推しに告白(嘘)されまして。




『すごく美味しかった。お店出せるレベル』



まず最初に目に入ったのはそう書かれたメッセージだ。それからその下には、喜んでいる様子の可愛らしいメルヘン猫のスタンプがあり、さらにその下には写真まであった。

悠里くんの部屋らしい机の上に置かれている、私が確かに作った生チョコタルト。

悠里くんから送られてきたメッセージと写真に、私は感動して、天を仰いだ。

あ、ありがとう!世界!
全てに感謝!
千夏ちゃん、千晴、ありがとう!
私が作った生チョコタルトが今、悠里くんの部屋に鎮座していらっしゃるという奇跡に大感謝!

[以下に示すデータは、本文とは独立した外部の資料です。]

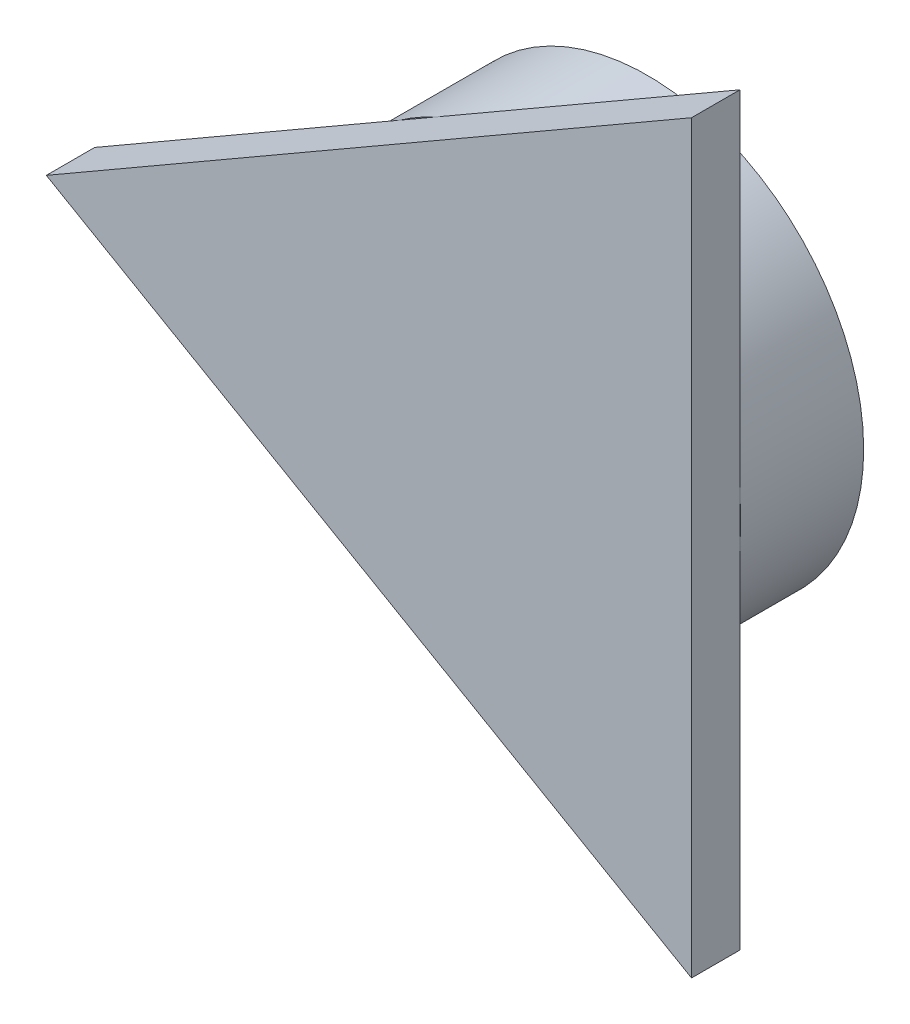
ISO-10303-21;
HEADER;
FILE_DESCRIPTION(('STEP AP214'),'2;1');
FILE_NAME('part.step','',(''),(''),'','','');
FILE_SCHEMA(('AUTOMOTIVE_DESIGN { 1 0 10303 214 1 1 1 1 }'));
ENDSEC;
DATA;
#1=APPLICATION_CONTEXT('core data for automotive mechanical design processes');
#2=APPLICATION_PROTOCOL_DEFINITION('international standard','automotive_design',2000,#1);
#3=PRODUCT_CONTEXT('',#1,'mechanical');
#4=PRODUCT('Part','Part','',(#3));
#5=PRODUCT_RELATED_PRODUCT_CATEGORY('part','',(#4));
#6=PRODUCT_DEFINITION_FORMATION('','',#4);
#7=PRODUCT_DEFINITION_CONTEXT('part definition',#1,'design');
#8=PRODUCT_DEFINITION('design','',#6,#7);
#9=PRODUCT_DEFINITION_SHAPE('','',#8);
#10=(LENGTH_UNIT() NAMED_UNIT(*) SI_UNIT(.MILLI.,.METRE.));
#11=(NAMED_UNIT(*) PLANE_ANGLE_UNIT() SI_UNIT($,.RADIAN.));
#12=(NAMED_UNIT(*) SI_UNIT($,.STERADIAN.) SOLID_ANGLE_UNIT());
#13=UNCERTAINTY_MEASURE_WITH_UNIT(LENGTH_MEASURE(1.E-05),#10,'distance_accuracy_value','');
#14=(GEOMETRIC_REPRESENTATION_CONTEXT(3) GLOBAL_UNCERTAINTY_ASSIGNED_CONTEXT((#13)) GLOBAL_UNIT_ASSIGNED_CONTEXT((#10,
#11,#12)) REPRESENTATION_CONTEXT('',''));
#15=CARTESIAN_POINT('',(0.,0.,0.));
#16=DIRECTION('',(0.,0.,1.));
#17=DIRECTION('',(1.,0.,0.));
#18=AXIS2_PLACEMENT_3D('',#15,#16,#17);
#19=CARTESIAN_POINT('',(0.,0.,19.32));
#20=DIRECTION('',(0.,0.,-1.));
#21=DIRECTION('',(-1.,0.,0.));
#22=AXIS2_PLACEMENT_3D('',#19,#20,#21);
#23=PLANE('',#22);
#24=DIRECTION('',(0.,-1.,0.));
#25=VECTOR('',#24,1.);
#26=CARTESIAN_POINT('',(46.3560854460703,55.3258458873863,19.32));
#27=LINE('',#26,#25);
#28=CARTESIAN_POINT('',(46.3560854460703,55.3258458873863,19.32));
#29=VERTEX_POINT('',#28);
#30=CARTESIAN_POINT('',(46.3560854460703,48.0355474470044,19.32));
#31=VERTEX_POINT('',#30);
#32=EDGE_CURVE('E116',#29,#31,#27,.T.);
#33=ORIENTED_EDGE('',*,*,#32,.T.);
#34=CARTESIAN_POINT('',(41.91,47.625,19.32));
#35=DIRECTION('',(0.,0.,1.));
#36=DIRECTION('',(1.,0.,0.));
#37=AXIS2_PLACEMENT_3D('',#34,#35,#36);
#38=CIRCLE('',#37,4.465);
#39=CARTESIAN_POINT('',(40.0425017955296,51.6806966671954,19.32));
#40=VERTEX_POINT('',#39);
#41=EDGE_CURVE('E108',#31,#40,#38,.T.);
#42=ORIENTED_EDGE('',*,*,#41,.T.);
#43=DIRECTION('',(0.866025403784439,0.5,0.));
#44=VECTOR('',#43,1.);
#45=CARTESIAN_POINT('',(33.0178291078594,47.625,19.32));
#46=LINE('',#45,#44);
#47=EDGE_CURVE('E64',#40,#29,#46,.T.);
#48=ORIENTED_EDGE('',*,*,#47,.T.);
#49=EDGE_LOOP('',(#33,#42,#48));
#50=FACE_BOUND('',#49,.T.);
#51=ADVANCED_FACE('F37',(#50),#23,.T.);
#52=CARTESIAN_POINT('',(33.0178291078594,47.625,19.32));
#53=VERTEX_POINT('',#52);
#54=CARTESIAN_POINT('',(39.3314127584001,51.2701492201909,19.32));
#55=VERTEX_POINT('',#54);
#56=EDGE_CURVE('E132',#53,#55,#46,.T.);
#57=ORIENTED_EDGE('',*,*,#56,.T.);
#58=CARTESIAN_POINT('',(39.3314127584002,43.979850779809,19.32));
#59=VERTEX_POINT('',#58);
#60=EDGE_CURVE('E11',#55,#59,#38,.T.);
#61=ORIENTED_EDGE('',*,*,#60,.T.);
#62=DIRECTION('',(-0.866025403784439,0.5,0.));
#63=VECTOR('',#62,1.);
#64=CARTESIAN_POINT('',(46.3560854460703,39.9241541126137,19.32));
#65=LINE('',#64,#63);
#66=EDGE_CURVE('E119',#59,#53,#65,.T.);
#67=ORIENTED_EDGE('',*,*,#66,.T.);
#68=EDGE_LOOP('',(#57,#61,#67));
#69=FACE_BOUND('',#68,.T.);
#70=ADVANCED_FACE('F157',(#69),#23,.T.);
#71=CARTESIAN_POINT('',(46.3560854460703,39.9241541126137,19.32));
#72=VERTEX_POINT('',#71);
#73=CARTESIAN_POINT('',(40.0425017955294,43.5693033328047,19.32));
#74=VERTEX_POINT('',#73);
#75=EDGE_CURVE('E122',#72,#74,#65,.T.);
#76=ORIENTED_EDGE('',*,*,#75,.T.);
#77=CARTESIAN_POINT('',(46.3560854460703,47.2144525529956,19.32));
#78=VERTEX_POINT('',#77);
#79=EDGE_CURVE('E46',#74,#78,#38,.T.);
#80=ORIENTED_EDGE('',*,*,#79,.T.);
#81=EDGE_CURVE('E89',#78,#72,#27,.T.);
#82=ORIENTED_EDGE('',*,*,#81,.T.);
#83=EDGE_LOOP('',(#76,#80,#82));
#84=FACE_BOUND('',#83,.T.);
#85=ADVANCED_FACE('F172',(#84),#23,.T.);
#86=CARTESIAN_POINT('',(46.3560854460703,55.3258458873863,19.32));
#87=DIRECTION('',(-1.,0.,0.));
#88=DIRECTION('',(0.,0.,1.));
#89=AXIS2_PLACEMENT_3D('',#86,#87,#88);
#90=PLANE('',#89);
#91=DIRECTION('',(0.,-1.,0.));
#92=VECTOR('',#91,1.);
#93=CARTESIAN_POINT('',(46.3560854460703,55.3258458873863,20.32));
#94=LINE('',#93,#92);
#95=CARTESIAN_POINT('',(46.3560854460703,55.3258458873863,20.32));
#96=VERTEX_POINT('',#95);
#97=CARTESIAN_POINT('',(46.3560854460703,39.9241541126137,20.32));
#98=VERTEX_POINT('',#97);
#99=EDGE_CURVE('E126',#96,#98,#94,.T.);
#100=ORIENTED_EDGE('',*,*,#99,.T.);
#101=DIRECTION('',(0.,0.,1.));
#102=VECTOR('',#101,1.);
#103=CARTESIAN_POINT('',(46.3560854460703,39.9241541126137,19.32));
#104=LINE('',#103,#102);
#105=EDGE_CURVE('E41',#72,#98,#104,.T.);
#106=ORIENTED_EDGE('',*,*,#105,.F.);
#107=ORIENTED_EDGE('',*,*,#81,.F.);
#108=EDGE_CURVE('E106',#31,#78,#27,.T.);
#109=ORIENTED_EDGE('',*,*,#108,.F.);
#110=ORIENTED_EDGE('',*,*,#32,.F.);
#111=DIRECTION('',(0.,0.,1.));
#112=VECTOR('',#111,1.);
#113=CARTESIAN_POINT('',(46.3560854460703,55.3258458873863,19.32));
#114=LINE('',#113,#112);
#115=EDGE_CURVE('E130',#29,#96,#114,.T.);
#116=ORIENTED_EDGE('',*,*,#115,.T.);
#117=EDGE_LOOP('',(#100,#106,#107,#109,#110,#116));
#118=FACE_BOUND('',#117,.T.);
#119=ADVANCED_FACE('F39',(#118),#90,.F.);
#120=CARTESIAN_POINT('',(46.3560854460703,39.9241541126137,19.32));
#121=DIRECTION('',(0.5,0.866025403784439,0.));
#122=DIRECTION('',(-0.866025403784439,0.5,0.));
#123=AXIS2_PLACEMENT_3D('',#120,#121,#122);
#124=PLANE('',#123);
#125=DIRECTION('',(-0.866025403784439,0.5,0.));
#126=VECTOR('',#125,1.);
#127=CARTESIAN_POINT('',(46.3560854460703,39.9241541126137,20.32));
#128=LINE('',#127,#126);
#129=CARTESIAN_POINT('',(33.0178291078594,47.625,20.32));
#130=VERTEX_POINT('',#129);
#131=EDGE_CURVE('E124',#98,#130,#128,.T.);
#132=ORIENTED_EDGE('',*,*,#131,.T.);
#133=DIRECTION('',(0.,0.,1.));
#134=VECTOR('',#133,1.);
#135=CARTESIAN_POINT('',(33.0178291078594,47.625,19.32));
#136=LINE('',#135,#134);
#137=EDGE_CURVE('E131',#53,#130,#136,.T.);
#138=ORIENTED_EDGE('',*,*,#137,.F.);
#139=ORIENTED_EDGE('',*,*,#66,.F.);
#140=EDGE_CURVE('E120',#74,#59,#65,.T.);
#141=ORIENTED_EDGE('',*,*,#140,.F.);
#142=ORIENTED_EDGE('',*,*,#75,.F.);
#143=ORIENTED_EDGE('',*,*,#105,.T.);
#144=EDGE_LOOP('',(#132,#138,#139,#141,#142,#143));
#145=FACE_BOUND('',#144,.T.);
#146=ADVANCED_FACE('F158',(#145),#124,.F.);
#147=CARTESIAN_POINT('',(33.0178291078594,47.625,19.32));
#148=DIRECTION('',(0.5,-0.866025403784439,0.));
#149=DIRECTION('',(0.866025403784439,0.5,0.));
#150=AXIS2_PLACEMENT_3D('',#147,#148,#149);
#151=PLANE('',#150);
#152=DIRECTION('',(0.866025403784439,0.5,0.));
#153=VECTOR('',#152,1.);
#154=CARTESIAN_POINT('',(33.0178291078594,47.625,20.32));
#155=LINE('',#154,#153);
#156=EDGE_CURVE('E82',#130,#96,#155,.T.);
#157=ORIENTED_EDGE('',*,*,#156,.T.);
#158=ORIENTED_EDGE('',*,*,#115,.F.);
#159=ORIENTED_EDGE('',*,*,#47,.F.);
#160=EDGE_CURVE('E149',#55,#40,#46,.T.);
#161=ORIENTED_EDGE('',*,*,#160,.F.);
#162=ORIENTED_EDGE('',*,*,#56,.F.);
#163=ORIENTED_EDGE('',*,*,#137,.T.);
#164=EDGE_LOOP('',(#157,#158,#159,#161,#162,#163));
#165=FACE_BOUND('',#164,.T.);
#166=ADVANCED_FACE('F160',(#165),#151,.F.);
#167=CARTESIAN_POINT('',(0.,0.,20.32));
#168=DIRECTION('',(0.,0.,-1.));
#169=DIRECTION('',(-1.,0.,0.));
#170=AXIS2_PLACEMENT_3D('',#167,#168,#169);
#171=PLANE('',#170);
#172=ORIENTED_EDGE('',*,*,#99,.F.);
#173=ORIENTED_EDGE('',*,*,#156,.F.);
#174=ORIENTED_EDGE('',*,*,#131,.F.);
#175=EDGE_LOOP('',(#172,#173,#174));
#176=FACE_BOUND('',#175,.T.);
#177=ADVANCED_FACE('F178',(#176),#171,.F.);
#178=CARTESIAN_POINT('',(0.,0.,19.32));
#179=DIRECTION('',(0.,0.,1.));
#180=DIRECTION('',(1.,0.,0.));
#181=AXIS2_PLACEMENT_3D('',#178,#179,#180);
#182=PLANE('',#181);
#183=EDGE_CURVE('E55',#78,#31,#38,.T.);
#184=ORIENTED_EDGE('',*,*,#183,.T.);
#185=ORIENTED_EDGE('',*,*,#108,.T.);
#186=EDGE_LOOP('',(#184,#185));
#187=FACE_BOUND('',#186,.T.);
#188=ADVANCED_FACE('F104',(#187),#182,.T.);
#189=EDGE_CURVE('E107',#59,#74,#38,.T.);
#190=ORIENTED_EDGE('',*,*,#189,.T.);
#191=ORIENTED_EDGE('',*,*,#140,.T.);
#192=EDGE_LOOP('',(#190,#191));
#193=FACE_BOUND('',#192,.T.);
#194=ADVANCED_FACE('F154',(#193),#182,.T.);
#195=CARTESIAN_POINT('',(41.91,47.625,26.6697222151364));
#196=DIRECTION('',(0.,0.,-1.));
#197=DIRECTION('',(-1.,0.,0.));
#198=AXIS2_PLACEMENT_3D('',#195,#196,#197);
#199=CYLINDRICAL_SURFACE('',#198,1.925);
#200=CARTESIAN_POINT('',(41.91,47.625,16.78));
#201=DIRECTION('',(0.,0.,-1.));
#202=DIRECTION('',(-1.,0.,0.));
#203=AXIS2_PLACEMENT_3D('',#200,#201,#202);
#204=CIRCLE('',#203,1.925);
#205=CARTESIAN_POINT('',(39.985,47.625,16.78));
#206=VERTEX_POINT('',#205);
#207=EDGE_CURVE('E140',#206,#206,#204,.T.);
#208=ORIENTED_EDGE('',*,*,#207,.T.);
#209=EDGE_LOOP('',(#208));
#210=FACE_BOUND('',#209,.T.);
#211=CARTESIAN_POINT('',(41.91,47.625,19.32));
#212=DIRECTION('',(0.,0.,1.));
#213=DIRECTION('',(1.,0.,0.));
#214=AXIS2_PLACEMENT_3D('',#211,#212,#213);
#215=CIRCLE('',#214,1.925);
#216=CARTESIAN_POINT('',(43.835,47.625,19.32));
#217=VERTEX_POINT('',#216);
#218=EDGE_CURVE('E112',#217,#217,#215,.F.);
#219=ORIENTED_EDGE('',*,*,#218,.F.);
#220=EDGE_LOOP('',(#219));
#221=FACE_BOUND('',#220,.T.);
#222=ADVANCED_FACE('F180',(#210,#221),#199,.F.);
#223=CARTESIAN_POINT('',(41.91,47.625,16.78));
#224=DIRECTION('',(0.,0.,-1.));
#225=DIRECTION('',(-1.,0.,0.));
#226=AXIS2_PLACEMENT_3D('',#223,#224,#225);
#227=PLANE('',#226);
#228=CARTESIAN_POINT('',(41.91,47.625,16.78));
#229=DIRECTION('',(0.,0.,-1.));
#230=DIRECTION('',(-1.,0.,0.));
#231=AXIS2_PLACEMENT_3D('',#228,#229,#230);
#232=CIRCLE('',#231,4.465);
#233=CARTESIAN_POINT('',(37.445,47.625,16.78));
#234=VERTEX_POINT('',#233);
#235=EDGE_CURVE('E142',#234,#234,#232,.T.);
#236=ORIENTED_EDGE('',*,*,#235,.T.);
#237=EDGE_LOOP('',(#236));
#238=FACE_BOUND('',#237,.T.);
#239=ORIENTED_EDGE('',*,*,#207,.F.);
#240=EDGE_LOOP('',(#239));
#241=FACE_BOUND('',#240,.T.);
#242=ADVANCED_FACE('F173',(#238,#241),#227,.T.);
#243=CARTESIAN_POINT('',(41.91,47.625,16.78));
#244=DIRECTION('',(0.,0.,1.));
#245=DIRECTION('',(1.,0.,0.));
#246=AXIS2_PLACEMENT_3D('',#243,#244,#245);
#247=CYLINDRICAL_SURFACE('',#246,4.465);
#248=ORIENTED_EDGE('',*,*,#235,.F.);
#249=EDGE_LOOP('',(#248));
#250=FACE_BOUND('',#249,.T.);
#251=ORIENTED_EDGE('',*,*,#41,.F.);
#252=ORIENTED_EDGE('',*,*,#183,.F.);
#253=ORIENTED_EDGE('',*,*,#79,.F.);
#254=ORIENTED_EDGE('',*,*,#189,.F.);
#255=ORIENTED_EDGE('',*,*,#60,.F.);
#256=EDGE_CURVE('E48',#40,#55,#38,.T.);
#257=ORIENTED_EDGE('',*,*,#256,.F.);
#258=EDGE_LOOP('',(#251,#252,#253,#254,#255,#257));
#259=FACE_BOUND('',#258,.T.);
#260=ADVANCED_FACE('F110',(#250,#259),#247,.T.);
#261=ORIENTED_EDGE('',*,*,#256,.T.);
#262=ORIENTED_EDGE('',*,*,#160,.T.);
#263=EDGE_LOOP('',(#261,#262));
#264=FACE_BOUND('',#263,.T.);
#265=ADVANCED_FACE('F162',(#264),#182,.T.);
#266=ORIENTED_EDGE('',*,*,#218,.T.);
#267=EDGE_LOOP('',(#266));
#268=FACE_BOUND('',#267,.T.);
#269=ADVANCED_FACE('F164',(#268),#23,.T.);
#270=CLOSED_SHELL('',(#51,#70,#85,#119,#146,#166,#177,#188,#194,#222,#242,#260,#265,#269));
#271=MANIFOLD_SOLID_BREP('B2',#270);
#272=ADVANCED_BREP_SHAPE_REPRESENTATION('',(#18,#271),#14);
#273=SHAPE_DEFINITION_REPRESENTATION(#9,#272);
ENDSEC;
END-ISO-10303-21;

嬉しさで震える指に鞭打ちながらも、『美味しかったようでよかった!』と、メッセージを打つ。
逸る気持ちを抑えて、誤字脱字はないか確認し、そのメッセージを送信すると、私は一息ついた。

ああ、幸せだ。

メッセージを送ってすぐに、私のメッセージに既読がついた。
どうやらもう推しは私からのメッセージを見てくれたらしい。



『今ちょっと電話できる?』



で、電話?

唐突に送られてきた推しからの神メッセージに、私は一瞬だけ固まった。
だが、それはほんの一瞬で、私はすぐに正気を取り戻した。
推しである悠里くんを一分一秒たりとも待たせてはいけない。
すぐに返事を打つのだ。
もちろん、『YES』と。

慌てて『できる!』と返信すると、スマホからコール音が鳴った。
悠里くんからの着信だ。
私はワンコールでそれに出た。



『もしもし、柚子?急にごめんね』



スマホから推しのイケボが聞こえる。
いつもより低く聞こえる声に、私の胸はギューン、と締め付けられた。
声だけでも魅力的すぎるとは、私の推しはとんでもない存在だ。